Step 3: Build Your Mold
+Fill the 5” dia. aluminum dish with air-dry clay and carve out the shape you would like your mold to be. Make sure that the shape you carve is both completely centered in the vessel and has an approximation of radial symmetry.
+Once you have carved out the shape to your satisfaction, let the mold dry overnight. Some cracks may form during this process so be sure to patch these with wet clay before proceeding.
+After patching your mold, make a small ring of wet clay around the border of your carving and cap the entire 5” dia. aluminum dish with a 5” plywood disk that has a hole in the center. Ensure that this hole is sized appropriately to receive the narrow end of the funnel. The ring of wet clay should seal your mold and minimize the amount of metal that escapes beyond the confines of your indent. Then use duct tape to secure the plywood cap to the top of the aluminum dish. Make sure it is sealed tight to the clay ring beneath it.
+Cover the bottom of the aluminum dish with hook-side velcro tape.
Step 4: Attach the Mold to the Centrifuge
+Cover the surface of the larger aluminum dish with the loop side of the velcro tape.
+Place the mold in its aluminum dish on top of the velcro and ensure that it is centered on the center of rotation for the wheel mechanism below. Any eccentricities will result in an uneven distribution of cast metal.
+Wind the shoestring around the wood or plastic spacers for about 3 turns. Make sure that the loose end is long enough to pull on.
Step 5: Prepping for Casting
+Be sure to don all of your appropriate casting gear. This includes leather gloves, boots, jacket and chaps. Do not wear anything made of synthetic materials as these items can melt and stick to your skin. Also wear a welding mask or other protective face gear.
+Set up the centrifuge and campstove somewhere outdoors and away from anything flammable. Be aware that campstoves should not be used in enclosed areas as they can emit carbon monoxide which can be fatal.
+Make sure the centrifuge is level with the leveling feet. Place the funnel through the hole in the plywood cap.
+Cut up lengths of the lead free plumbing solder and place this inside of an old pot that you no longer wish to eat from or use again. (if you are using ingots, simply place these inside of the pot).
+Place the pot on top of your camp stove and light it. Keep an eye on it until it melts.

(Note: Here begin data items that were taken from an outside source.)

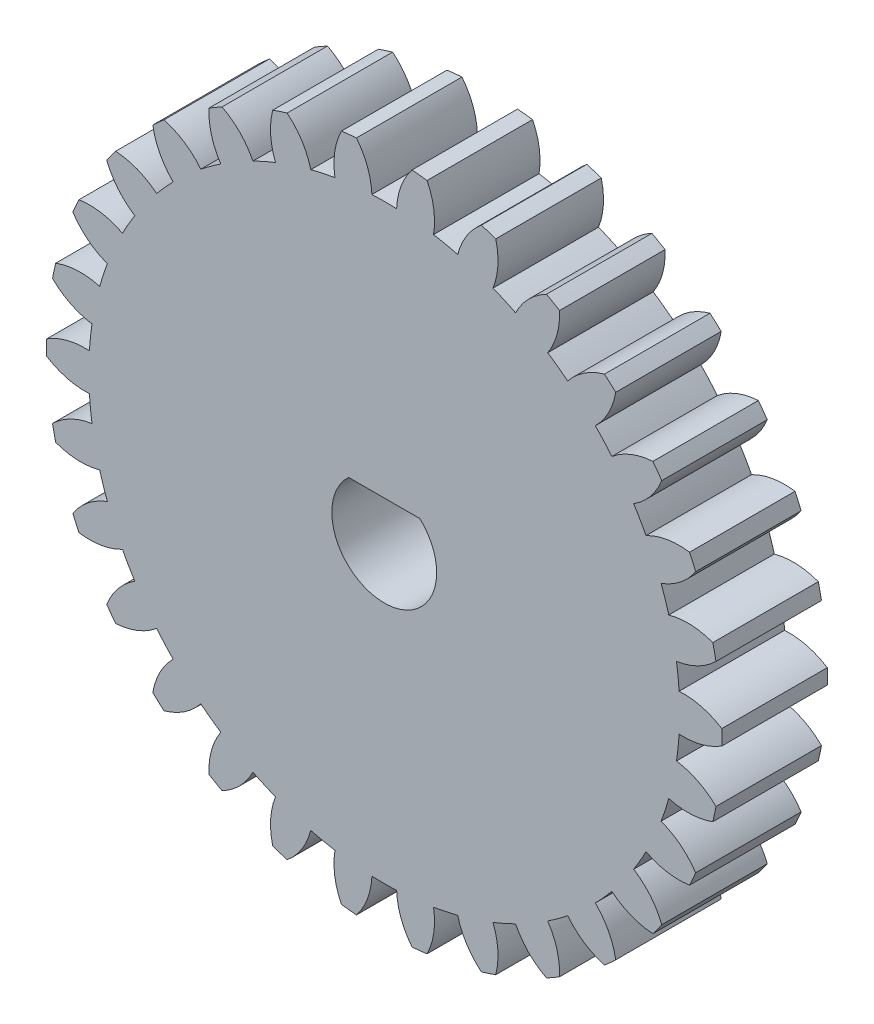
from build123d import *

# Parameters (mm, degrees)
SKETCH1_R           = 20.32
OUTER_CIRCLE_DEPTH  = 6.35
TOOTH_CUT_DEPTH     = 30.430040775
TEETH_PATTERN_COUNT = 30
CUT_EXTRUDE1_DEPTH  = 30.382561533


with BuildPart() as part:
    # Sketch1 → Outer Circle (new body)
    with BuildSketch(Plane.XY):
        Circle(SKETCH1_R)
    extrude(amount=OUTER_CIRCLE_DEPTH)

    # Sketch2 → Tooth Cut (cut, through all)
    with BuildSketch(Plane.XY.offset(6.35)):
        with BuildLine():
            ThreePointArc((-0.743845606, 17.764433391), (0, 17.78), (0.743845606, 17.764433391))
            ThreePointArc((0.743845606, 17.764433391), (1.009950749, 19.081439594), (1.671040922, 20.251173355))
            ThreePointArc((1.671040922, 20.251173355), (0, 20.32), (-1.671040922, 20.251173355))
            ThreePointArc((-1.671040922, 20.251173355), (-1.009950749, 19.081439594), (-0.743845606, 17.764433391))
        make_face()
    tooth_cut = extrude(amount=-TOOTH_CUT_DEPTH, mode=Mode.SUBTRACT)

    # Teeth Pattern: Tooth Cut ×30 about axis
    teeth_pattern_axis = Axis((0, 0, 0), (0, 0, 1))
    for i in range(1, TEETH_PATTERN_COUNT):
        add(tooth_cut.rotate(teeth_pattern_axis, i * 360 / TEETH_PATTERN_COUNT), mode=Mode.SUBTRACT)

    # Sketch3 → Cut-Extrude1 (cut, through all)
    with BuildSketch(Plane.XY.offset(6.35)):
        with BuildLine():
            Line((0, 2.31775), (-2.141974636, 2.31775))
            ThreePointArc((-2.141974636, 2.31775), (-2.938938883, -1.150068974), (0, -3.15595))
            Line((0, -3.15595), (0, 2.31775))
        make_face()
        with BuildLine():
            Line((2.141974636, 2.31775), (0, 2.31775))
            Line((0, 2.31775), (0, -3.15595))
            ThreePointArc((0, -3.15595), (2.231593646, -2.231593646), (3.15595, 0))
            ThreePointArc((3.15595, 0), (2.891365184, 1.264922043), (2.141974636, 2.31775))
        make_face()
    extrude(amount=-CUT_EXTRUDE1_DEPTH, mode=Mode.SUBTRACT)


solid = part.part
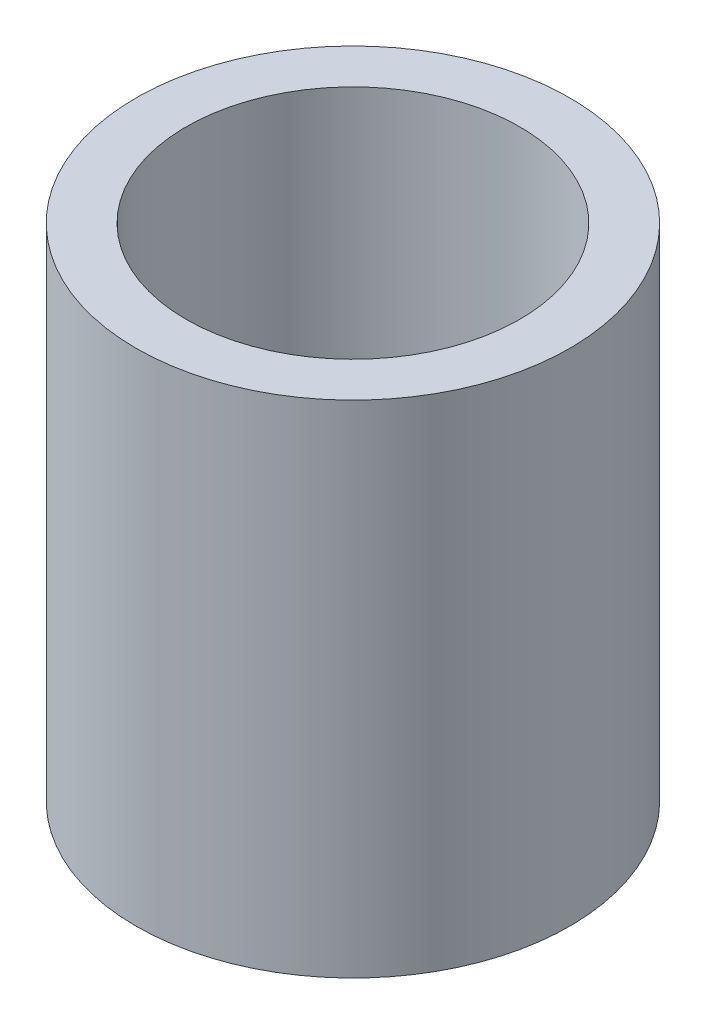
from build123d import *

# Parameters (mm, degrees)
SKETCH1_R           = 2.6
SKETCH1_R_2         = 2
BOSS_EXTRUDE1_DEPTH = 6


with BuildPart() as part:
    # Sketch1 → Boss-Extrude1 (new body)
    with BuildSketch(Plane(origin=(0, 0, 0), x_dir=(1, 0, 0), z_dir=(0, 1, 0))):
        with Locations(Location((0, 0, 0), (0, 0, 270))):
            Circle(SKETCH1_R)
        with Locations(Location((0, 0, 0), (0, 0, 270))):
            Circle(SKETCH1_R_2, mode=Mode.SUBTRACT)
    extrude(amount=BOSS_EXTRUDE1_DEPTH)


solid = part.part
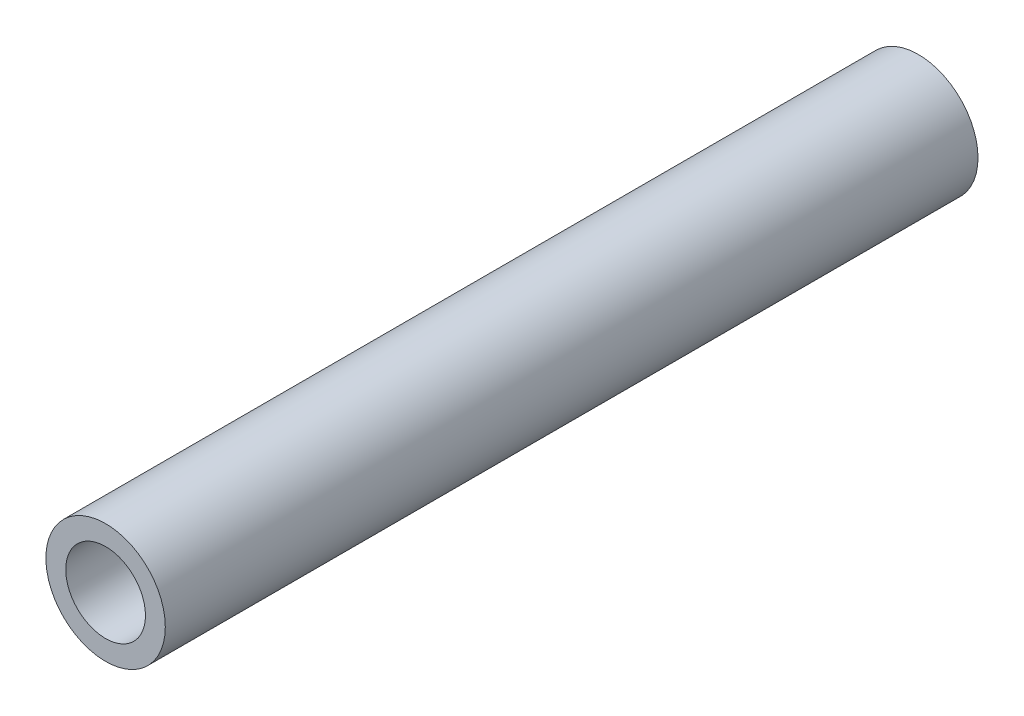
from build123d import *

# Parameters (mm, degrees)
SKETCH1_R           = 11.90625
SKETCH1_R_2         = 7.9502
BOSS_EXTRUDE1_DEPTH = 162.052


with BuildPart() as part:
    # Sketch1 → Boss-Extrude1 (new body)
    with BuildSketch(Plane.XY):
        Circle(SKETCH1_R)
        Circle(SKETCH1_R_2, mode=Mode.SUBTRACT)
    extrude(amount=BOSS_EXTRUDE1_DEPTH)


solid = part.part
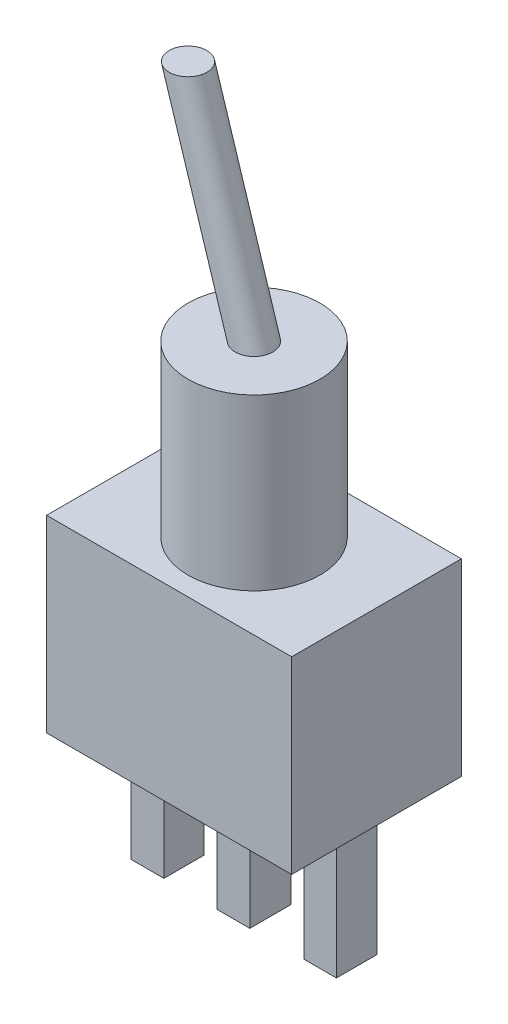
from build123d import *

# Parameters (mm, degrees)
SKETCH_1_W      = 13
SKETCH_1_H      = 9
EXTRUDE_1_DEPTH = 10
SKETCH_2_R      = 3.5
EXTRUDE_2_DEPTH = 9
SKETCH_4_R      = 1
SKETCH_5_W      = 1.73309276
SKETCH_5_H      = 2.139523058
SKETCH_5_W_2    = 1.729366682
SKETCH_5_H_2    = 2.174749504
EXTRUDE_3_DEPTH = 7


with BuildPart() as part:
    # 草图1 → 凸台-拉伸1 (new body)
    with BuildSketch(Plane(origin=(0, 0, 0), x_dir=(1, 0, 0), z_dir=(0, 1, 0))):
        Rectangle(SKETCH_1_W, SKETCH_1_H)
    extrude(amount=EXTRUDE_1_DEPTH)

    # 草图2 → 凸台-拉伸2 (add)
    with BuildSketch(Plane(origin=(0, 10, 0), x_dir=(1, 0, 0), z_dir=(0, 1, 0))):
        with Locations(Location((0, 0, 0), (0, 0, 270))):
            Circle(SKETCH_2_R)
    extrude(amount=EXTRUDE_2_DEPTH)

    # 扫描1: sweep along a path in 草图3
    with BuildLine(Plane.XY) as sweep_1_path:
        Line((0, 19), (-3.5, 30.100205658))
    # 草图4 → 扫描1 (sweep)
    with BuildSketch(Plane(origin=(0, 19, 0), x_dir=(1, 0, 0), z_dir=(0, 1, 0))):
        Circle(SKETCH_4_R)
    sweep(path=sweep_1_path.line)

    # 草图5 → 凸台-拉伸3 (add)
    with BuildSketch(Plane(origin=(0, 0, 0), x_dir=(-1, 0, 0), z_dir=(0, -1, 0))):
        with Locations((-4.576618424, 0)):
            Rectangle(SKETCH_5_W, SKETCH_5_H)
        with Locations((4.576618424, 0)):
            Rectangle(SKETCH_5_W, SKETCH_5_H)
        Rectangle(SKETCH_5_W_2, SKETCH_5_H_2)
    extrude(amount=EXTRUDE_3_DEPTH)


solid = part.part
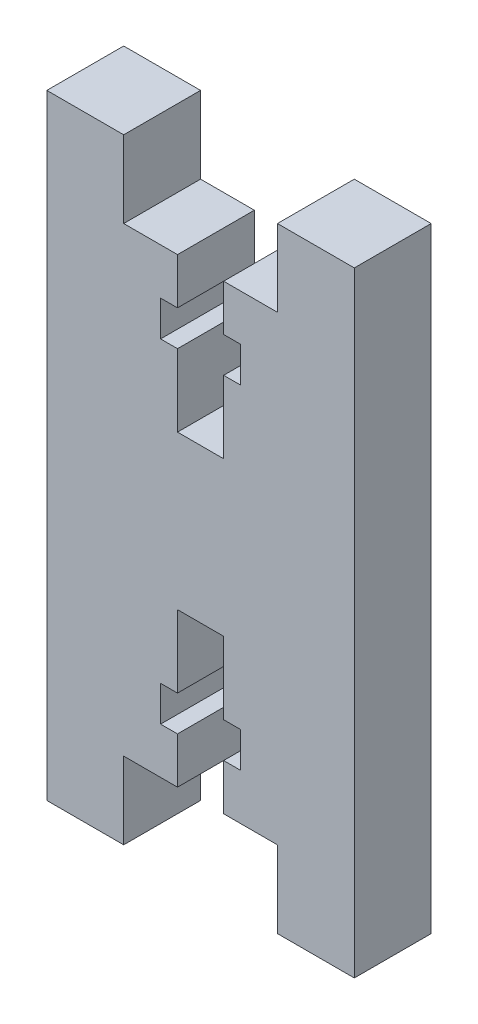
from build123d import *

# Parameters (mm, degrees)
BOSS_EXTRUDE1_DEPTH = 5


with BuildPart() as part:
    # Sketch1 → Boss-Extrude1 (new body)
    with BuildSketch(Plane.XY):
        Polygon((11.5, 30), (15, 30), (15, 35), (20, 35), (20, 0), (20, -5), (15, -5), (15, 0), (11.5, 0), (11.5, 3), (12.6, 3), (12.6, 5.3), (11.5, 5.3), (11.5, 10), (8.5, 10), (8.5, 5.3), (7.4, 5.3), (7.4, 3), (8.5, 3), (8.5, 0), (5, 0), (5, -5), (0, -5), (0, 0), (0, 35), (5, 35), (5, 30), (8.5, 30), (8.5, 27), (7.4, 27), (7.4, 24.7), (8.5, 24.7), (8.5, 20), (11.5, 20), (11.5, 24.7), (12.6, 24.7), (12.6, 27), (11.5, 27), align=None)
    extrude(amount=BOSS_EXTRUDE1_DEPTH)


solid = part.part

+Once the metal has melted, allow it to heat up for another few minutes and then carefully remove the pot from the stove.
Step 6: Pouring the Metal
+Quickly pour some metal into the funnel making sure that you do not completely fill the mold. The more metal you pour, the thicker your piece will be. You may need to calibrate the volume of metal with the size of your mold and the desired thickness of your piece. Trial and error. That's the way to do it.
+Once you have poured the metal into the funnel and it has flowed into the mold, quickly remove the funnel with tongs or thick gloves and place it somewhere out of the way.
Step 7: Spinning Your Centrifuge
+Pull the shoestring smoothly and forcefully to get the centrifuge to spin as fast as possible.
+Once the spinning has stopped, let the piece cool for 10-15 minutes and remove the plywood cap to see what magic has transpired within.
+ Once the piece has cooled down, you can remove it from the clay mold by adding a little water and prying it loose.
+Congratulations! You've built your own centrifuge! Wheely good work!
Step 8: Troubleshooting
+If you find that your piece has come out somewhat lopsided it is likely because there is some eccentricity to your centrifuge. You may just have to reassemble it, making sure that everything is aligned and centered properly.
+If your piece has just formed a puddle of metal at the bottom of your mold a few different things could be at play. Likely problems are:
a. You did not spin your centrifuge fast enough or long enough.
b. The metal was too hot and the spinning was done before the metal began to solidify
c. The metal was too cool and solidified before you could begin spinning it.
+If the metal solidified within your funnel before reaching your mold you may need to heat the metal up even further or wait for warmer weather to cast your piece.